### YOUR OBJECTIVE
For the data that follows, give the number of lines in which "contains" appears. Add nothing to it.

(Beginning of DATA RECORDS)

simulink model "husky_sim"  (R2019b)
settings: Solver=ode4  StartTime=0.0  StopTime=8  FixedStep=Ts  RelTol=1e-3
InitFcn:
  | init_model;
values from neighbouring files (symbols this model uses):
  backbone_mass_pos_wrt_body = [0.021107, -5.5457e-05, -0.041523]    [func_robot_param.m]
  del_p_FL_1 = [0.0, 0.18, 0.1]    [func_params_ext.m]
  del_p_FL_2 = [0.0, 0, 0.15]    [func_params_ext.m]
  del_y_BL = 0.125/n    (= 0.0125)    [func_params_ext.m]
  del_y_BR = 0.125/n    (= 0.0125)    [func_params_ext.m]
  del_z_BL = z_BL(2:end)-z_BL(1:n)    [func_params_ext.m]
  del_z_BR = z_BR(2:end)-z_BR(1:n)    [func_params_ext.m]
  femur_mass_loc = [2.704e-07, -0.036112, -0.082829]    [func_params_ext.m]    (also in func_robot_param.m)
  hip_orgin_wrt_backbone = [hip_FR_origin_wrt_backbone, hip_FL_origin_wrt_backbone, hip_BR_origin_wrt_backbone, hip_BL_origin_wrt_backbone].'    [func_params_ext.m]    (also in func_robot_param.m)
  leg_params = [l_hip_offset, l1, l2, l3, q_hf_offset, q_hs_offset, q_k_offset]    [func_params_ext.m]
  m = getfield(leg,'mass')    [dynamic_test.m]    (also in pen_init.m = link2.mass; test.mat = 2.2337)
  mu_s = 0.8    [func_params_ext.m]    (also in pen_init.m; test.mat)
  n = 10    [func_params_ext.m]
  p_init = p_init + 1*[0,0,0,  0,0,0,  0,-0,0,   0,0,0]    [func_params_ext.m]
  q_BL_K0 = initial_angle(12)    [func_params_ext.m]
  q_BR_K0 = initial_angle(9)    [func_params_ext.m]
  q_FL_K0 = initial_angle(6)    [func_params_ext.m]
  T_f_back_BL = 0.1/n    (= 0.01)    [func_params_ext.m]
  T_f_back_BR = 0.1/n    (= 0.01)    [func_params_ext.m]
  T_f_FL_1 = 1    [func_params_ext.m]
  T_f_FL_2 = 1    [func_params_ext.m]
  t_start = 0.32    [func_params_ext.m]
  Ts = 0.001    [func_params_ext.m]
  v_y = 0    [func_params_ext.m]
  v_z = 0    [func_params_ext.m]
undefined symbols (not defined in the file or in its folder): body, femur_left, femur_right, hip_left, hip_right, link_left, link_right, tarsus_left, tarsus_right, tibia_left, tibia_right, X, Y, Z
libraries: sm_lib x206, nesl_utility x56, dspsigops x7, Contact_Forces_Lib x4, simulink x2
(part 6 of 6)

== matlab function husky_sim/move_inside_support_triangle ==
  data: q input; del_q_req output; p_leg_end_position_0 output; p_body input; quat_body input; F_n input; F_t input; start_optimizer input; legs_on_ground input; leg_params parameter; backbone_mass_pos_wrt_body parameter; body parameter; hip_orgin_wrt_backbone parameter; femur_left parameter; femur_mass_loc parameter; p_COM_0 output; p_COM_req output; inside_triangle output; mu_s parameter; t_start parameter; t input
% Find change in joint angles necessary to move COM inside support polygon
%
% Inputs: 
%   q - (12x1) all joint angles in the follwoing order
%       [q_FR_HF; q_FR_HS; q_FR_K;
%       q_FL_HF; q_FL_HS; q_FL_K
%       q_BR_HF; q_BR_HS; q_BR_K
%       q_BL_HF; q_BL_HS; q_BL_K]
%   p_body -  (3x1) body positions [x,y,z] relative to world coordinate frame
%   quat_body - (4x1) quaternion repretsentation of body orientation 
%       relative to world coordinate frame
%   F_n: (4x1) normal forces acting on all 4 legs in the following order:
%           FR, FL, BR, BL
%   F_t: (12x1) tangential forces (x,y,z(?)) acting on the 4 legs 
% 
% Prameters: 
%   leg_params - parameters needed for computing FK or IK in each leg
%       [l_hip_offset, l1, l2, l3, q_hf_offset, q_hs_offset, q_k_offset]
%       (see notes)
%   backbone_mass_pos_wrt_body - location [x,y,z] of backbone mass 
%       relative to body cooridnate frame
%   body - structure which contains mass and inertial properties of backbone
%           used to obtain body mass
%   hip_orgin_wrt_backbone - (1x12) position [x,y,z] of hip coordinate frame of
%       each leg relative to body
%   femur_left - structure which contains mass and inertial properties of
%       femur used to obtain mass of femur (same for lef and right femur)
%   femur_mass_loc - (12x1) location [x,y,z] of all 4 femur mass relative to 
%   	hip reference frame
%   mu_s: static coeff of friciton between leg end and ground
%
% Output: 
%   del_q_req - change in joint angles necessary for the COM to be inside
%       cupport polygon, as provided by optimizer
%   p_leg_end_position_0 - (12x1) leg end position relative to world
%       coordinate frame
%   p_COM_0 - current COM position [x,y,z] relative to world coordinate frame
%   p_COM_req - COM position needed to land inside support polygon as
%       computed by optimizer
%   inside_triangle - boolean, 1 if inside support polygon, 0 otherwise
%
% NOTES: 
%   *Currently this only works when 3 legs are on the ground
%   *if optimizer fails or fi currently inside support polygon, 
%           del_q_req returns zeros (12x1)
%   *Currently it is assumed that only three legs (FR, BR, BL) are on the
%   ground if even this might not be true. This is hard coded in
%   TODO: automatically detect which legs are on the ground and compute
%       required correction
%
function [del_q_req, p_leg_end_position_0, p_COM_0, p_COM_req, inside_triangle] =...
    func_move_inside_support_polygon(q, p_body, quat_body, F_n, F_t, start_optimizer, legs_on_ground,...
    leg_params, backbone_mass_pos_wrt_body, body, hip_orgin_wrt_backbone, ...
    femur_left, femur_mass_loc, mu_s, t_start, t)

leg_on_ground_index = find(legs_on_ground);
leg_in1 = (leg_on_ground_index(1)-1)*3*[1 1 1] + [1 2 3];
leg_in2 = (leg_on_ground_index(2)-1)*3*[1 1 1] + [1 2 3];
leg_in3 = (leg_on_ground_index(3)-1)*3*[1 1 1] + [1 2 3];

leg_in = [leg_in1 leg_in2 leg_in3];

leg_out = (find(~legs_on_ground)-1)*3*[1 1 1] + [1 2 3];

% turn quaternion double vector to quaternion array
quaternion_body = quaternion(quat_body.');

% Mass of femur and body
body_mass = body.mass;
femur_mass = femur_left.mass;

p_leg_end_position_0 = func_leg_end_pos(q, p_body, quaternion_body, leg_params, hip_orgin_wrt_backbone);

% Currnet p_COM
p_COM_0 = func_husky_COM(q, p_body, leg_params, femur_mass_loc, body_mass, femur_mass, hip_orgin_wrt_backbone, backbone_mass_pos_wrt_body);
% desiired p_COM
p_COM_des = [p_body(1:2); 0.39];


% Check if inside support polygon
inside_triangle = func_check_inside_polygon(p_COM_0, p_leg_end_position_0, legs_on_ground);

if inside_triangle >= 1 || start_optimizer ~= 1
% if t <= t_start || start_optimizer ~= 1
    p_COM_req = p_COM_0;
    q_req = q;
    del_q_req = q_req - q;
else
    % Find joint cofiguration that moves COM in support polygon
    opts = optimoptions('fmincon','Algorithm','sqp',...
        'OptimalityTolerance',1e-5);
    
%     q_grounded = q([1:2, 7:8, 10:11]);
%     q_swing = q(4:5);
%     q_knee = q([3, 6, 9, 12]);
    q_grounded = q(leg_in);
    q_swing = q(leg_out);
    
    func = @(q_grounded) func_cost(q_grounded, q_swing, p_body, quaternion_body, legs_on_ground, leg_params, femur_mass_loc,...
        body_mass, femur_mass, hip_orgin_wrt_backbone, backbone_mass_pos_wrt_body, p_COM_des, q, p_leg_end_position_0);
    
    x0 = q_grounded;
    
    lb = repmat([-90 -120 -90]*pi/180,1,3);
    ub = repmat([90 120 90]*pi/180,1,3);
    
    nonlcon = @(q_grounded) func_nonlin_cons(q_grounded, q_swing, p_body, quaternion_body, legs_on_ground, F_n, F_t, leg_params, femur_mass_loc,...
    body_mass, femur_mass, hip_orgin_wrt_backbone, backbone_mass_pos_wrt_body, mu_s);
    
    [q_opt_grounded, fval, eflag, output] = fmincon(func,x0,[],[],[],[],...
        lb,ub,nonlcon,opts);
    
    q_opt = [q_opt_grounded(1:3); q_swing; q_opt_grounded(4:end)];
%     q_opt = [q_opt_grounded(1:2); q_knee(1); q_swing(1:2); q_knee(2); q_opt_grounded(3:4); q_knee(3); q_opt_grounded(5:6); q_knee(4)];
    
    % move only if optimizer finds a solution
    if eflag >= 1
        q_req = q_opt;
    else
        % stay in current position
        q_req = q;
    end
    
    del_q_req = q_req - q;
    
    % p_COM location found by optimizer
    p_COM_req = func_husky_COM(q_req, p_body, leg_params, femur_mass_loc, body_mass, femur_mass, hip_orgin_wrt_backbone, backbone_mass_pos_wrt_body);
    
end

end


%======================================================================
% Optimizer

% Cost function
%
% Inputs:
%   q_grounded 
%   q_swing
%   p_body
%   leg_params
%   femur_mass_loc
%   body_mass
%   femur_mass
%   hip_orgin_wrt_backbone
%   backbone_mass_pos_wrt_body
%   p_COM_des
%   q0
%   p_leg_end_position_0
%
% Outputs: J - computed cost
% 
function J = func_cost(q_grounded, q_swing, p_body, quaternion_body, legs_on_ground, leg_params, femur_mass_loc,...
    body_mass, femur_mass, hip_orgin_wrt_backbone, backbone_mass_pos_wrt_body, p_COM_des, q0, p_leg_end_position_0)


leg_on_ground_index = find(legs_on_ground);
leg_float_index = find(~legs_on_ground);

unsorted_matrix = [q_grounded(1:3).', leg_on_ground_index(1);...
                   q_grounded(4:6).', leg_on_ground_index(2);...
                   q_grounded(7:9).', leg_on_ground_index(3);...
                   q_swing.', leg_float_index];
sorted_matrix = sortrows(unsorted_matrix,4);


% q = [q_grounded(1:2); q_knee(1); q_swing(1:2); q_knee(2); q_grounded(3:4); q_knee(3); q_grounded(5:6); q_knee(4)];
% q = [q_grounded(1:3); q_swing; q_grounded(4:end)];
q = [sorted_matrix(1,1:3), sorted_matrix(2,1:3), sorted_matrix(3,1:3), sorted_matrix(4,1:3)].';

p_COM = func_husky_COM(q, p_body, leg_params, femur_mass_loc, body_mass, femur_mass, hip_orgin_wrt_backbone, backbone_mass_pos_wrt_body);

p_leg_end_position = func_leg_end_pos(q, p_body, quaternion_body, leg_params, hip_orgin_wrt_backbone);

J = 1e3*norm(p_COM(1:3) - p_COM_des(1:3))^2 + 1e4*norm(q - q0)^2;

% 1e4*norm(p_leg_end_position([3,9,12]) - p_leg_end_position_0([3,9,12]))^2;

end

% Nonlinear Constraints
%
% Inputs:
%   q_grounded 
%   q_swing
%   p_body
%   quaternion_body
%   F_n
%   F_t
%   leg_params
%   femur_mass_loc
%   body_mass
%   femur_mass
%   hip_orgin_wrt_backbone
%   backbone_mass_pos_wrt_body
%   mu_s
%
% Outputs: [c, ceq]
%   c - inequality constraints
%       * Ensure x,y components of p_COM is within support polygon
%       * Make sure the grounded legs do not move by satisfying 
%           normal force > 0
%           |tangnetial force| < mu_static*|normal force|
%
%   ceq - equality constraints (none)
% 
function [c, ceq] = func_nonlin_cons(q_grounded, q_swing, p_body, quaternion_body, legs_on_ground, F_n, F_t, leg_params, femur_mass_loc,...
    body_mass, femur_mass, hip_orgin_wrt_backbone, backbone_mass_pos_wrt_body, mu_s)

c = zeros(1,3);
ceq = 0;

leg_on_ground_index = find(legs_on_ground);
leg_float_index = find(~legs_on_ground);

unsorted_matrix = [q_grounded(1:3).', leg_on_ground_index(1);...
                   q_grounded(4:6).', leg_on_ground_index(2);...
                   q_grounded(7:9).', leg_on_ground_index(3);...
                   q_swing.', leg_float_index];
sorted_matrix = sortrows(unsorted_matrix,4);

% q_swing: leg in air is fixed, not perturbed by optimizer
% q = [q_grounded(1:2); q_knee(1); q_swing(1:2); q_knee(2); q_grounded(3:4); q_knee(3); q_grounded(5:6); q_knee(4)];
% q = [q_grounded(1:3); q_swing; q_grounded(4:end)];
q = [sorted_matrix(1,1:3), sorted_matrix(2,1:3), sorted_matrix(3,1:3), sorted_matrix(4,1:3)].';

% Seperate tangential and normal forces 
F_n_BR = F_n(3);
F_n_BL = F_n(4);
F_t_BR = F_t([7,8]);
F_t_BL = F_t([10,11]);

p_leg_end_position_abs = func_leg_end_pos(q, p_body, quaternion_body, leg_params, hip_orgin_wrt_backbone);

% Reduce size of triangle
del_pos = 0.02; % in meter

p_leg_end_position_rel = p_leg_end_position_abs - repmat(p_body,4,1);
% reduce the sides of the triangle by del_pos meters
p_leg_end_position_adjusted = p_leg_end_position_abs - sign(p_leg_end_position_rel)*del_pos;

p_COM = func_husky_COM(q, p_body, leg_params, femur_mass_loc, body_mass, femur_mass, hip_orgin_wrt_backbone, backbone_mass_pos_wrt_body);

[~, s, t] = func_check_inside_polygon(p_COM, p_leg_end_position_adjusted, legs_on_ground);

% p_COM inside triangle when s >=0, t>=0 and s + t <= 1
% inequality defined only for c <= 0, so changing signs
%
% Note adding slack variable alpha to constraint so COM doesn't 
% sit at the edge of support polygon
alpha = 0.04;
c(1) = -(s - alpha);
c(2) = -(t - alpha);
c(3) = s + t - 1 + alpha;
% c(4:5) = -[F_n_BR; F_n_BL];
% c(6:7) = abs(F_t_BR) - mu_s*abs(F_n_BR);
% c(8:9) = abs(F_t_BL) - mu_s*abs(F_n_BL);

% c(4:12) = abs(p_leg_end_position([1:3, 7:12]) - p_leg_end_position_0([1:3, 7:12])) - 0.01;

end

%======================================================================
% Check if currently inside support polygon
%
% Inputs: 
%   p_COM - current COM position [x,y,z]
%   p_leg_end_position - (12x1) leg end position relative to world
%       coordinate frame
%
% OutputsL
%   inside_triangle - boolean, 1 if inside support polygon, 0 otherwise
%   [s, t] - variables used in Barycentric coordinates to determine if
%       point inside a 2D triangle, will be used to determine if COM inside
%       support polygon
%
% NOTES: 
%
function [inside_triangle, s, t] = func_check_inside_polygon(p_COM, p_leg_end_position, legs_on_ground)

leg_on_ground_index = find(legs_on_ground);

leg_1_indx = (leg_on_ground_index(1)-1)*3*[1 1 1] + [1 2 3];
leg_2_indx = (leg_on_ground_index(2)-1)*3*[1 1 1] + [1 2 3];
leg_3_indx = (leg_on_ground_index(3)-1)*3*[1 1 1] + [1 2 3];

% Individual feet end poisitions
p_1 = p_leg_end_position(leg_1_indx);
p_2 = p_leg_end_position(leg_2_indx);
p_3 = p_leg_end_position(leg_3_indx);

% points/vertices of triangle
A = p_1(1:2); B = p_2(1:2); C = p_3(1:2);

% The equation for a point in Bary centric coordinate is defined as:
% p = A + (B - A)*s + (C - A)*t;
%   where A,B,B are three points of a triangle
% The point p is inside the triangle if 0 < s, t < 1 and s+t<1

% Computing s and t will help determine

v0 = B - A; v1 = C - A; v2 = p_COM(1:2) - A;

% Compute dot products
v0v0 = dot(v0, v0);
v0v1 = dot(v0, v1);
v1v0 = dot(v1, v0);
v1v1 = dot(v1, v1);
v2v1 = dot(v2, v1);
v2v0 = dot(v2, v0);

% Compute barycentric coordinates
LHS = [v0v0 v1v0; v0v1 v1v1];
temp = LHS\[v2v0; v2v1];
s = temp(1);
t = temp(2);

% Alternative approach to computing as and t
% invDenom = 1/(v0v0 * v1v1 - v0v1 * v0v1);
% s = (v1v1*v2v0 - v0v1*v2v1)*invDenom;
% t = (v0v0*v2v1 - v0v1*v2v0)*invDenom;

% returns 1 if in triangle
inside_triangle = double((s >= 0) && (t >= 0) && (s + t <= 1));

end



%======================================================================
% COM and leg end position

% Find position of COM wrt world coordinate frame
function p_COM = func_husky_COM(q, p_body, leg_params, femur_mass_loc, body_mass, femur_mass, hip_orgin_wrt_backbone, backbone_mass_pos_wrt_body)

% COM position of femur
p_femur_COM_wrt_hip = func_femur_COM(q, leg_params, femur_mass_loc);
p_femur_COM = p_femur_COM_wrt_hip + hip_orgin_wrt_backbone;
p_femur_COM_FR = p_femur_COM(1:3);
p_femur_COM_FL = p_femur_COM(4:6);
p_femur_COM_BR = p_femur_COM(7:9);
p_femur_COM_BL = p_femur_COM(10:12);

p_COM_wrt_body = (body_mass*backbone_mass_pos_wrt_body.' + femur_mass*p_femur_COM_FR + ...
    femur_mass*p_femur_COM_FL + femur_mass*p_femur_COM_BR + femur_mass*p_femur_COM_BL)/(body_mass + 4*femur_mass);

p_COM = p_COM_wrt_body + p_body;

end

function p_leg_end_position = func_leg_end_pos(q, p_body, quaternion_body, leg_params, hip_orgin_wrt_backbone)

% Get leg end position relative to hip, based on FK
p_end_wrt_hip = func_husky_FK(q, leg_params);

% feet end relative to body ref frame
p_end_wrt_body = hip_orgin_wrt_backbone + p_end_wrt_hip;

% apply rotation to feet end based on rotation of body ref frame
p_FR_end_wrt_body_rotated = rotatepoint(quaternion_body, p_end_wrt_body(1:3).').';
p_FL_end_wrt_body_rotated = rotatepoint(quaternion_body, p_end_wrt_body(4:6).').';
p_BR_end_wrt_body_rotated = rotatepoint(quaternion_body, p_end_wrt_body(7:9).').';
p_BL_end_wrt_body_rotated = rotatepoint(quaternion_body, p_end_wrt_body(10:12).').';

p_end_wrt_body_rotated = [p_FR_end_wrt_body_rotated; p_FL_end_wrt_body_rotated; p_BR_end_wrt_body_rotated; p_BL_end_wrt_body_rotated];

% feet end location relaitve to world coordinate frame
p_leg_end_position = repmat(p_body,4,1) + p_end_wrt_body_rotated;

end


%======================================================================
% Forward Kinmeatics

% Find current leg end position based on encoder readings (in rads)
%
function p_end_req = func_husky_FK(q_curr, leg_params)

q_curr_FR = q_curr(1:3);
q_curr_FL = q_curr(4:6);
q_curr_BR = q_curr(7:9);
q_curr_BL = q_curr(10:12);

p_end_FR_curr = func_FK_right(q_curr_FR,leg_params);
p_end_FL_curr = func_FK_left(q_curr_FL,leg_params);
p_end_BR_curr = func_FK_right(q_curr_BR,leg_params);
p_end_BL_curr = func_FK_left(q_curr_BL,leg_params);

(End of DATA RECORDS)

### TASK RESULT
2